* **What the task asks**: From the records below, please repeat exactly the line that has "circle A5 centre", the line that has "circle A17 centre", and every line between them, and nothing else.
------------------------------------------------
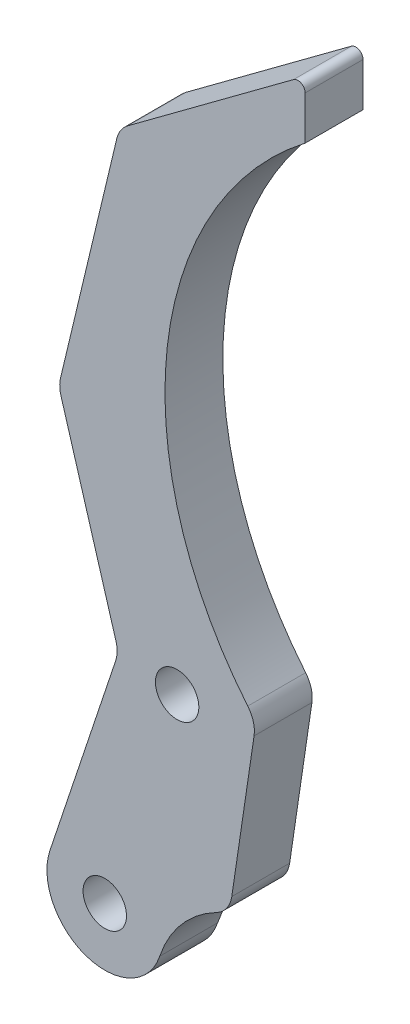
SolidWorks part; units mm, degrees
ref_plane "前视基准面" through (0, 0, 0) normal (0, 0, 1) x (1, 0, 0)
ref_plane "上视基准面" through (0, 0, 0) normal (0, 1, 0) x (1, 0, 0)
ref_plane "右视基准面" through (0, 0, 0) normal (1, 0, 0) x (0, 0, -1)
sketch "草图1" plane through (0, 0, 0) normal (0, 0, 1) x (1, 0, 0)
  line L1 (-44.759, 0) -> (37.6123, 0) construction
  line L2 (0, 0) -> (0, 68.6572) construction
  line L3 (15.4812, 24.7175) -> (6.2807, 1.4721) construction
  line L4 (22.9197, 21.7734) -> (13.7193, -1.4721) construction
  line L5 (22.9952, 24.5104) -> (15.4057, 21.9805) construction
  line L6 (8.8834, 38.4304) -> (10.4236, 28.044) construction
  line L8 (22.9952, 24.5104) -> (18.4512, 38.1424) construction
  line L9 (18.4316, 39.345) -> (22.233, 52.1252) construction
  line L10 (22.2613, 53.1601) -> (18.3728, 69.4382) construction
  line L11 (11.411, 39.3495) -> (2.2105, 16.1041) construction
  line L12 (16.9899, 37.1414) -> (7.7895, 13.8959) construction
  line L13 (17.619, 70.5799) -> (6.1506, 79.0862) construction
  line L14 (5.3527, 78.6846) -> (5.3527, 75.678) construction
  line L15 (-15.4812, 24.7175) -> (-6.2807, 1.4721) construction
  line L16 (-22.9197, 21.7734) -> (-13.7193, -1.4721) construction
  line L17 (-16.9899, 37.1414) -> (-7.7895, 13.8959) construction
  line L18 (-11.411, 39.3495) -> (-2.2105, 16.1041) construction
  line L19 (-8.8834, 38.4304) -> (-10.4236, 28.044)
  line L20 (-22.9952, 24.5104) -> (-18.4512, 38.1424)
  line L25 (-18.4316, 39.345) -> (-22.233, 52.1252)
  line L26 (-5, 15) -> (-10, 0) construction
  line L27 (5, 15) -> (10, 0) construction
  line L28 (14.2005, 38.2455) -> (19.2005, 23.2455) construction
  line L29 (-22.2613, 53.1601) -> (-18.3728, 69.4382)
  line L30 (-17.619, 70.5799) -> (-6.1506, 79.0862)
  line L31 (-5.3527, 78.6846) -> (-5.3527, 75.678)
  line L32 (-9.9581, 55.9149) -> (14.9371, 53.6276) construction
  circle A0 centre (-10, 0) radius 10 construction
  circle A4 centre (0, 55) radius 15 construction
  circle A5 centre (10, 0) radius 4 construction
  circle A6 centre (10, 0) radius 10 construction
  arc A14 (15.4057, 21.9805) -> (10.5848, 26.9564) centre (7.8163, 19.4507) ccw construction
  circle A16 centre (19.2005, 23.2455) radius 1.5 construction
  circle A17 centre (19.2005, 23.2455) radius 4 construction
  circle A18 centre (5, 15) radius 3 construction
  arc A19 (9.3195, 39.9972) -> (5.3527, 75.678) centre (-9.9581, 55.9149) ccw construction
  circle A20 centre (14.2005, 38.2455) radius 3 construction
  circle A21 centre (-10, 0) radius 4 construction
  circle A22 centre (-19.2005, 23.2455) radius 1.5
  arc A23 (-22.9952, 24.5104) -> (-15.4057, 21.9805) centre (-19.2005, 23.2455) ccw
  arc A24 (-15.4057, 21.9805) -> (-11.4848, 26.56) centre (-7.8163, 19.4507) cw
  circle A25 centre (-14.2005, 38.2455) radius 3 construction
  circle A26 centre (-5, 15) radius 3 construction
  circle A28 centre (-14.2005, 38.2455) radius 1.5
  circle A29 centre (-5, 15) radius 1.5 construction
  circle A30 centre (5, 15) radius 1.5 construction
  circle A31 centre (14.2005, 38.2455) radius 1.5 construction
  arc A33 (-11.4848, 26.56) -> (-10.4236, 28.044) centre (-12.4019, 28.3373) ccw
  arc A40 (6.1506, 79.0862) -> (5.3527, 78.6846) centre (5.8527, 78.6846) ccw construction
  arc A41 (11.4848, 26.56) -> (10.4236, 28.044) centre (12.4019, 28.3373) cw construction
  arc A42 (8.8834, 38.4304) -> (9.3195, 39.9972) centre (10.8617, 38.7237) cw construction
  arc A43 (-9.3195, 39.9972) -> (-5.3527, 75.678) centre (9.9581, 55.9149) cw
  arc A44 (18.4512, 38.1424) -> (18.4316, 39.345) centre (20.3486, 38.7748) cw construction
  arc A45 (22.233, 52.1252) -> (22.2613, 53.1601) centre (20.316, 52.6954) ccw construction
  arc A46 (18.3728, 69.4382) -> (17.619, 70.5799) centre (16.4275, 68.9735) ccw construction
  arc A47 (-6.1506, 79.0862) -> (-5.3527, 78.6846) centre (-5.8527, 78.6846) cw
  arc A48 (-8.8834, 38.4304) -> (-9.3195, 39.9972) centre (-10.8617, 38.7237) ccw
  arc A49 (-18.4512, 38.1424) -> (-18.4316, 39.345) centre (-20.3486, 38.7748) ccw
  arc A50 (-22.233, 52.1252) -> (-22.2613, 53.1601) centre (-20.316, 52.6954) cw
  arc A51 (-18.3728, 69.4382) -> (-17.619, 70.5799) centre (-16.4275, 68.9735) cw
  point P71 (31.2517, 19.1606)
  point P72 (-18.5078, 23.7319)
  point P73 (23.0842, 24.6753)
  point P93 (5.3527, 79.678)
  point P96 (8.7498, 39.3313)
  point P99 (18.2518, 38.7406)
  point P102 (22.3858, 52.6388)
  point P105 (18.2036, 70.1462)
  point P109 (-5.3527, 79.678)
  point P112 (-8.7498, 39.3313)
  point P115 (-18.2518, 38.7406)
  point P118 (-10.5848, 26.9564)
  point P122 (-22.3858, 52.6388)
  point P125 (-18.2036, 70.1462)
  dimension "D1" = 30
  dimension "D3" = 20
  dimension "D4" = 25
  dimension "D5" = 8
  dimension "D6" = 3
  dimension "D7" = 2
  dimension "D8" = 8
  dimension "D13" = 25
  dimension "D20" = 140
  dimension "D21" = 6
  dimension "D27" = 3
  dimension "D29" = 0.5
  dimension "D28" = 16
  dimension "D30" = 2
  dimension "D31" = 55
  dimension "D14" = 4
  dimension "D12" = 10.5
  dimension "D18" = 150
  dimension "D10" = 0.5
  dimension "D26" = 2
  dimension "D9" = 11
  dimension "D11" = 15
  dimension "D15" = 10
  dimension "D16" = 145
  dimension "D17" = 14.5
  dimension "D19" = 18
  dimension "D22" = 5
  dimension "D23" = 15
  dimension "D24" = 25
  dimension "D25" = 4
extrude "凸台-拉伸1" add sketch "草图1" along normal blind 4
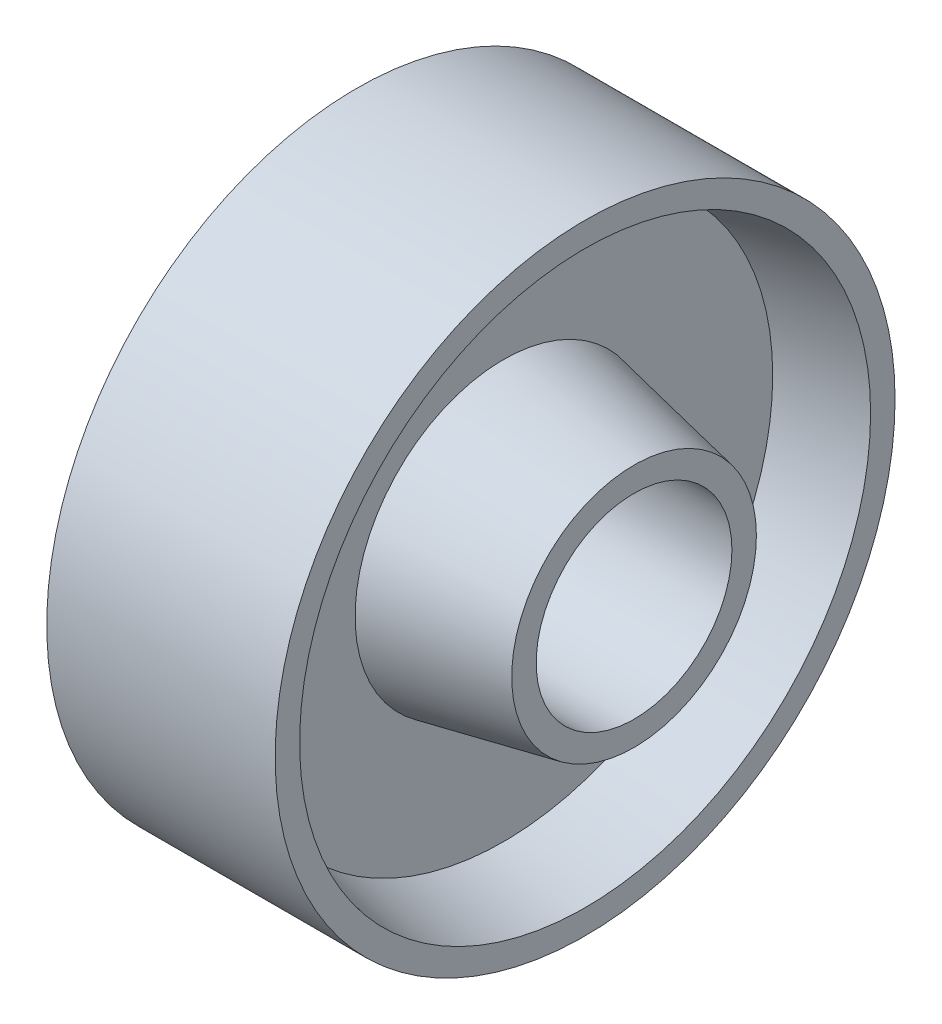
SolidWorks part; units mm, degrees
ref_plane "Front Plane" through (0, 0, 0) normal (0, 0, 1) x (1, 0, 0)
ref_plane "Top Plane" through (0, 0, 0) normal (0, 1, 0) x (1, 0, 0)
ref_plane "Right Plane" through (0, 0, 0) normal (1, 0, 0) x (0, 0, -1)
sketch "Sketch2" plane through (0, 0, 0) normal (0, 0, 1) x (1, 0, 0)
  line L0 (26.1021, 0) -> (0, 0) construction
  line L1 (0, 0) -> (0, 55.8417) construction
  line L2 (20, 15) -> (20, 12)
  line L3 (-20, 15) -> (-20, 12)
  line L4 (4, 18.2) -> (20, 15)
  line L5 (-4, 18.2) -> (-20, 15)
  line L6 (4, 18.2) -> (4, 33)
  line L7 (-4, 18.2) -> (-4, 33)
  line L8 (4, 33) -> (14, 35)
  line L9 (-4, 33) -> (-14, 35)
  line L10 (14, 35) -> (14, 38)
  line L11 (-14, 35) -> (-14, 38)
  line L12 (-14, 38) -> (14, 38)
  line L13 (-20, 12) -> (20, 12)
  dimension "D1" = 24
  dimension "D2" = 30
  dimension "D3" = 40
  dimension "D4" = 66
  dimension "D5" = 70
  dimension "D6" = 76
  dimension "D7" = 28
  dimension "D8" = 8
revolve "Revolve1" add sketch "Sketch2" angle 360 about L0
------------------------------------------------
* **Exercise solution**:
  circle A5 centre (10, 0) radius 4 construction
  circle A6 centre (10, 0) radius 10 construction
  arc A14 (15.4057, 21.9805) -> (10.5848, 26.9564) centre (7.8163, 19.4507) ccw construction
  circle A16 centre (19.2005, 23.2455) radius 1.5 construction
  circle A17 centre (19.2005, 23.2455) radius 4 construction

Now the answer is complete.